Define the restore function given a checkpoint path

The restore function is used to restore the model weights from a checkpoint file. This is useful when we want to load a previously trained model on the remote target. The function takes a checkpoint path as input and the model architecture. It restores the model weights from that checkpoint. The function uses TensorFlow’s tf.raw_ops.RestoreV2 operation to read the weights from the checkpoint file and assign them to the model weights.

############################################
# Step 3: Define a Function to Restore Checkpoint Variables.
############################################
def restore_raw_checkpoint(model, ckpt_prefix):
    """Load variables saved with tf.raw_ops.Save into *model*."""
    var_names  = [w.name for w in model.weights]  
    dtypes     = [w.dtype for w in model.weights]

    print(f"Restoring weights from {var_names}...")

    # Restore every tensor in one call
    restored = tf.raw_ops.RestoreV2(
        prefix            = ckpt_prefix,
        tensor_names      = var_names,
        shape_and_slices  = [""] * len(var_names),
        dtypes            = dtypes
    )

    # Copy restored values back into the Keras weights
    for tensor, weight in zip(restored, model.weights):
        weight.assign(tensor)

    print(f"OK: Weights restored from {ckpt_prefix}")

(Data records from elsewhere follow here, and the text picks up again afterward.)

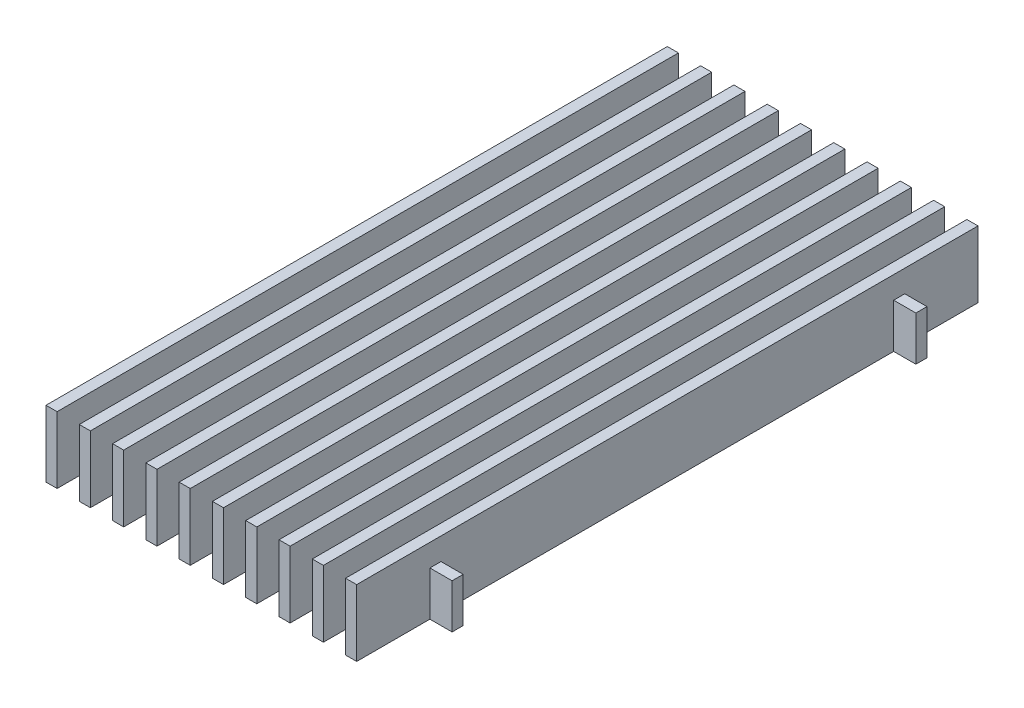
ISO-10303-21;
HEADER;
FILE_DESCRIPTION(('STEP AP214'),'2;1');
FILE_NAME('part.step','',(''),(''),'','','');
FILE_SCHEMA(('AUTOMOTIVE_DESIGN { 1 0 10303 214 1 1 1 1 }'));
ENDSEC;
DATA;
#1=APPLICATION_CONTEXT('core data for automotive mechanical design processes');
#2=APPLICATION_PROTOCOL_DEFINITION('international standard','automotive_design',2000,#1);
#3=PRODUCT_CONTEXT('',#1,'mechanical');
#4=PRODUCT('Part','Part','',(#3));
#5=PRODUCT_RELATED_PRODUCT_CATEGORY('part','',(#4));
#6=PRODUCT_DEFINITION_FORMATION('','',#4);
#7=PRODUCT_DEFINITION_CONTEXT('part definition',#1,'design');
#8=PRODUCT_DEFINITION('design','',#6,#7);
#9=PRODUCT_DEFINITION_SHAPE('','',#8);
#10=(LENGTH_UNIT() NAMED_UNIT(*) SI_UNIT(.MILLI.,.METRE.));
#11=(NAMED_UNIT(*) PLANE_ANGLE_UNIT() SI_UNIT($,.RADIAN.));
#12=(NAMED_UNIT(*) SI_UNIT($,.STERADIAN.) SOLID_ANGLE_UNIT());
#13=UNCERTAINTY_MEASURE_WITH_UNIT(LENGTH_MEASURE(1.E-05),#10,'distance_accuracy_value','');
#14=(GEOMETRIC_REPRESENTATION_CONTEXT(3) GLOBAL_UNCERTAINTY_ASSIGNED_CONTEXT((#13)) GLOBAL_UNIT_ASSIGNED_CONTEXT((#10,
#11,#12)) REPRESENTATION_CONTEXT('',''));
#15=CARTESIAN_POINT('',(0.,0.,0.));
#16=DIRECTION('',(0.,0.,1.));
#17=DIRECTION('',(1.,0.,0.));
#18=AXIS2_PLACEMENT_3D('',#15,#16,#17);
#19=CARTESIAN_POINT('',(-1.5875,-9.525,-177.8));
#20=DIRECTION('',(-1.,0.,0.));
#21=DIRECTION('',(0.,0.,1.));
#22=AXIS2_PLACEMENT_3D('',#19,#20,#21);
#23=PLANE('',#22);
#24=DIRECTION('',(0.,0.,1.));
#25=VECTOR('',#24,1.);
#26=CARTESIAN_POINT('',(-1.5875,3.17499999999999,-177.8));
#27=LINE('',#26,#25);
#28=CARTESIAN_POINT('',(-1.5875,3.17500000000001,-24.13));
#29=VERTEX_POINT('',#28);
#30=CARTESIAN_POINT('',(-1.5875,3.17500000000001,-20.955));
#31=VERTEX_POINT('',#30);
#32=EDGE_CURVE('E1007',#29,#31,#27,.T.);
#33=ORIENTED_EDGE('',*,*,#32,.T.);
#34=DIRECTION('',(0.,-1.,0.));
#35=VECTOR('',#34,1.);
#36=CARTESIAN_POINT('',(-1.5875,-9.525,-20.955));
#37=LINE('',#36,#35);
#38=CARTESIAN_POINT('',(-1.5875,-9.52499999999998,-20.955));
#39=VERTEX_POINT('',#38);
#40=EDGE_CURVE('E942',#31,#39,#37,.T.);
#41=ORIENTED_EDGE('',*,*,#40,.T.);
#42=DIRECTION('',(0.,0.,1.));
#43=VECTOR('',#42,1.);
#44=CARTESIAN_POINT('',(-1.5875,-9.525,-177.8));
#45=LINE('',#44,#43);
#46=CARTESIAN_POINT('',(-1.5875,-9.525,0.));
#47=VERTEX_POINT('',#46);
#48=EDGE_CURVE('E842',#39,#47,#45,.T.);
#49=ORIENTED_EDGE('',*,*,#48,.T.);
#50=DIRECTION('',(0.,-1.,0.));
#51=VECTOR('',#50,1.);
#52=CARTESIAN_POINT('',(-1.5875,-9.525,0.));
#53=LINE('',#52,#51);
#54=CARTESIAN_POINT('',(-1.5875,9.525,0.));
#55=VERTEX_POINT('',#54);
#56=EDGE_CURVE('E1541',#55,#47,#53,.T.);
#57=ORIENTED_EDGE('',*,*,#56,.F.);
#58=DIRECTION('',(0.,0.,1.));
#59=VECTOR('',#58,1.);
#60=CARTESIAN_POINT('',(-1.5875,9.525,-177.8));
#61=LINE('',#60,#59);
#62=CARTESIAN_POINT('',(-1.5875,9.525,-177.8));
#63=VERTEX_POINT('',#62);
#64=EDGE_CURVE('E1565',#63,#55,#61,.T.);
#65=ORIENTED_EDGE('',*,*,#64,.F.);
#66=DIRECTION('',(0.,-1.,0.));
#67=VECTOR('',#66,1.);
#68=CARTESIAN_POINT('',(-1.5875,-9.525,-177.8));
#69=LINE('',#68,#67);
#70=CARTESIAN_POINT('',(-1.5875,-9.525,-177.8));
#71=VERTEX_POINT('',#70);
#72=EDGE_CURVE('E1542',#63,#71,#69,.T.);
#73=ORIENTED_EDGE('',*,*,#72,.T.);
#74=CARTESIAN_POINT('',(-1.5875,-9.525,-156.845));
#75=VERTEX_POINT('',#74);
#76=EDGE_CURVE('E1575',#71,#75,#45,.T.);
#77=ORIENTED_EDGE('',*,*,#76,.T.);
#78=DIRECTION('',(0.,1.,0.));
#79=VECTOR('',#78,1.);
#80=CARTESIAN_POINT('',(-1.5875,-9.525,-156.845));
#81=LINE('',#80,#79);
#82=CARTESIAN_POINT('',(-1.5875,3.17499999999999,-156.845));
#83=VERTEX_POINT('',#82);
#84=EDGE_CURVE('E1535',#75,#83,#81,.T.);
#85=ORIENTED_EDGE('',*,*,#84,.T.);
#86=DIRECTION('',(0.,0.,1.));
#87=VECTOR('',#86,1.);
#88=CARTESIAN_POINT('',(-1.5875,3.17499999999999,-177.8));
#89=LINE('',#88,#87);
#90=CARTESIAN_POINT('',(-1.5875,3.17499999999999,-153.67));
#91=VERTEX_POINT('',#90);
#92=EDGE_CURVE('E1538',#83,#91,#89,.T.);
#93=ORIENTED_EDGE('',*,*,#92,.T.);
#94=DIRECTION('',(0.,-1.,0.));
#95=VECTOR('',#94,1.);
#96=CARTESIAN_POINT('',(-1.5875,-9.525,-153.67));
#97=LINE('',#96,#95);
#98=CARTESIAN_POINT('',(-1.5875,-9.525,-153.67));
#99=VERTEX_POINT('',#98);
#100=EDGE_CURVE('E1529',#91,#99,#97,.T.);
#101=ORIENTED_EDGE('',*,*,#100,.T.);
#102=CARTESIAN_POINT('',(-1.5875,-9.52499999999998,-24.13));
#103=VERTEX_POINT('',#102);
#104=EDGE_CURVE('E1578',#99,#103,#45,.T.);
#105=ORIENTED_EDGE('',*,*,#104,.T.);
#106=DIRECTION('',(0.,1.,0.));
#107=VECTOR('',#106,1.);
#108=CARTESIAN_POINT('',(-1.5875,-9.525,-24.13));
#109=LINE('',#108,#107);
#110=EDGE_CURVE('E1063',#103,#29,#109,.T.);
#111=ORIENTED_EDGE('',*,*,#110,.T.);
#112=EDGE_LOOP('',(#33,#41,#49,#57,#65,#73,#77,#85,#93,#101,#105,#111));
#113=FACE_BOUND('',#112,.T.);
#114=ADVANCED_FACE('F32',(#113),#23,.T.);
#115=CARTESIAN_POINT('',(1.5875,-9.525,-177.8));
#116=DIRECTION('',(1.,0.,0.));
#117=DIRECTION('',(0.,0.,-1.));
#118=AXIS2_PLACEMENT_3D('',#115,#116,#117);
#119=PLANE('',#118);
#120=DIRECTION('',(0.,0.,1.));
#121=VECTOR('',#120,1.);
#122=CARTESIAN_POINT('',(1.5875,-9.525,-177.8));
#123=LINE('',#122,#121);
#124=CARTESIAN_POINT('',(1.5875,-9.52499999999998,-20.955));
#125=VERTEX_POINT('',#124);
#126=CARTESIAN_POINT('',(1.5875,-9.525,0.));
#127=VERTEX_POINT('',#126);
#128=EDGE_CURVE('E1574',#125,#127,#123,.T.);
#129=ORIENTED_EDGE('',*,*,#128,.F.);
#130=DIRECTION('',(0.,1.,0.));
#131=VECTOR('',#130,1.);
#132=CARTESIAN_POINT('',(1.5875,-9.525,-20.955));
#133=LINE('',#132,#131);
#134=CARTESIAN_POINT('',(1.5875,3.17500000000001,-20.955));
#135=VERTEX_POINT('',#134);
#136=EDGE_CURVE('E953',#125,#135,#133,.T.);
#137=ORIENTED_EDGE('',*,*,#136,.T.);
#138=DIRECTION('',(0.,0.,-1.));
#139=VECTOR('',#138,1.);
#140=CARTESIAN_POINT('',(1.5875,3.17499999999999,-177.8));
#141=LINE('',#140,#139);
#142=CARTESIAN_POINT('',(1.5875,3.17500000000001,-24.13));
#143=VERTEX_POINT('',#142);
#144=EDGE_CURVE('E1009',#135,#143,#141,.T.);
#145=ORIENTED_EDGE('',*,*,#144,.T.);
#146=DIRECTION('',(0.,-1.,0.));
#147=VECTOR('',#146,1.);
#148=CARTESIAN_POINT('',(1.5875,-9.525,-24.13));
#149=LINE('',#148,#147);
#150=CARTESIAN_POINT('',(1.5875,-9.525,-24.13));
#151=VERTEX_POINT('',#150);
#152=EDGE_CURVE('E1066',#143,#151,#149,.T.);
#153=ORIENTED_EDGE('',*,*,#152,.T.);
#154=CARTESIAN_POINT('',(1.5875,-9.525,-153.67));
#155=VERTEX_POINT('',#154);
#156=EDGE_CURVE('E1573',#155,#151,#123,.T.);
#157=ORIENTED_EDGE('',*,*,#156,.F.);
#158=DIRECTION('',(0.,1.,0.));
#159=VECTOR('',#158,1.);
#160=CARTESIAN_POINT('',(1.5875,-9.525,-153.67));
#161=LINE('',#160,#159);
#162=CARTESIAN_POINT('',(1.5875,3.17499999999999,-153.67));
#163=VERTEX_POINT('',#162);
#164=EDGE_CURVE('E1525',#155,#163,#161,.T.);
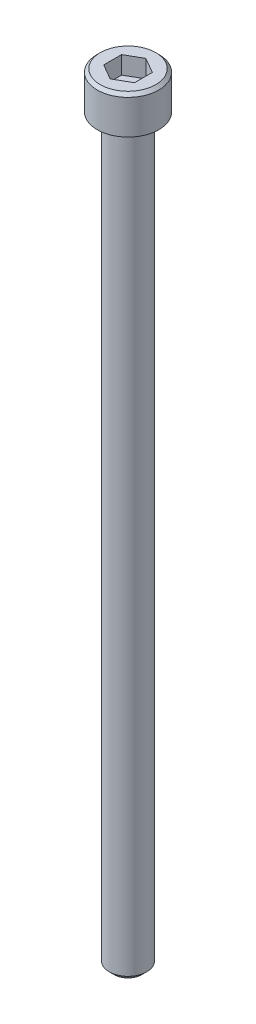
from build123d import *

# Parameters (mm, degrees)
CUT_EXTRUDE1_DEPTH = 2.286


with BuildPart() as part:
    # Sketch1 → Base-Revolve (revolve)
    with BuildSketch(Plane.XY, mode=Mode.PRIVATE) as base_revolve_sk:
        Polygon((0, 0), (3.96875, 0), (3.96875, 4.429125), (3.571875, 4.826), (0, 4.826), align=None)
    revolve(base_revolve_sk.sketch.rotate(Axis((0, 0, 0), (0, 1, 0)), 90), axis=Axis((0, 0, 0), (0, 1, 0)))

    # Sketch2 → Boss-Revolve1 (revolve)
    with BuildSketch(Plane.XY, mode=Mode.PRIVATE) as boss_revolve1_sk:
        Polygon((0, -95.25), (1.78308, -95.25), (2.413, -94.62008), (2.413, 0), (0, 0), align=None)
    revolve(boss_revolve1_sk.sketch.rotate(Axis((0, 0, 0), (0, 1, 0)), 90), axis=Axis((0, 0, 0), (0, 1, 0)))

    # Sketch3 → Cut-Extrude1 (cut)
    with BuildSketch(Plane(origin=(0, 4.826, 0), x_dir=(-1, 0, 0), z_dir=(0, 1, 0))):
        Polygon((1.98501, 1.146046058), (0, 2.292092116), (-1.98501, 1.146046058), (-1.98501, -1.146046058), (0, -2.292092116), (1.98501, -1.146046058), align=None)
    extrude(amount=-CUT_EXTRUDE1_DEPTH, mode=Mode.SUBTRACT)


solid = part.part

Build the pipeline for on device training

Now that we have the model architecture and the signatures defined, we can build the pipeline for on device training. This pipeline will include the following steps:

Prepare the datasets.
Create the model.
Compile the model.
Define the training and inference signatures.
Save the model in a format compatible with on device training.
Upload the model and datasets to the dAIEdge-VLab.
Restore the model weights from the recieived checkpoint file on the remote target.
Plot the training loss evolution.

Start by creating the datasets and the model, then compile the model. The model will be compiled with the Adam optimizer and the sparse categorical crossentropy loss function. You may want to pre-train the model on the user end before sending it to the remote target. This is optional and can be done by uncommenting the model.fit line. If you do not pre-train the model, the model will be trained on the remote target from scratch. If you pre-train the model, you can choose to make all layers trainable or only the last layer. In this example, we will make all layers trainable. We finally save the model with both training and inference signatures. The model will be saved in a directory named mnist_model.

# Load and preprocess the MNIST dataset.
(x_train, y_train), (x_test, y_test) = prepare_datasets()

# Create the nmodel 
model = create_model()

model.compile(optimizer="adam",
            loss="sparse_categorical_crossentropy",
            metrics=["accuracy"])

# Optional - pre-train the model (adjust epochs as needed).
# model.fit(x_train, y_train, epochs=1, validation_data=(x_test, y_test))

# Make all layers trainable.
model.trainable = True   
# Alternatively, you can set specific layers to be trainable.
# For example, if you want to train only the last layer:
#for layer in model.layers:
#    layer.trainable = False
#model.layers[-1].trainable = Trueainable = True  

############################################
# Step 4: Save the Model as a SavedModel with Both Signatures.
############################################
# Both signatures are exported:
# - "train" for on-device training,
# - "serving_default" for inference.
model.save("mnist_model", signatures={
    "train": train_step.get_concrete_function(),
    "serving_default": inference.get_concrete_function(),
    "save": save.get_concrete_function()
})
print("SavedModel with training and inference signatures saved to 'mnist_model'.")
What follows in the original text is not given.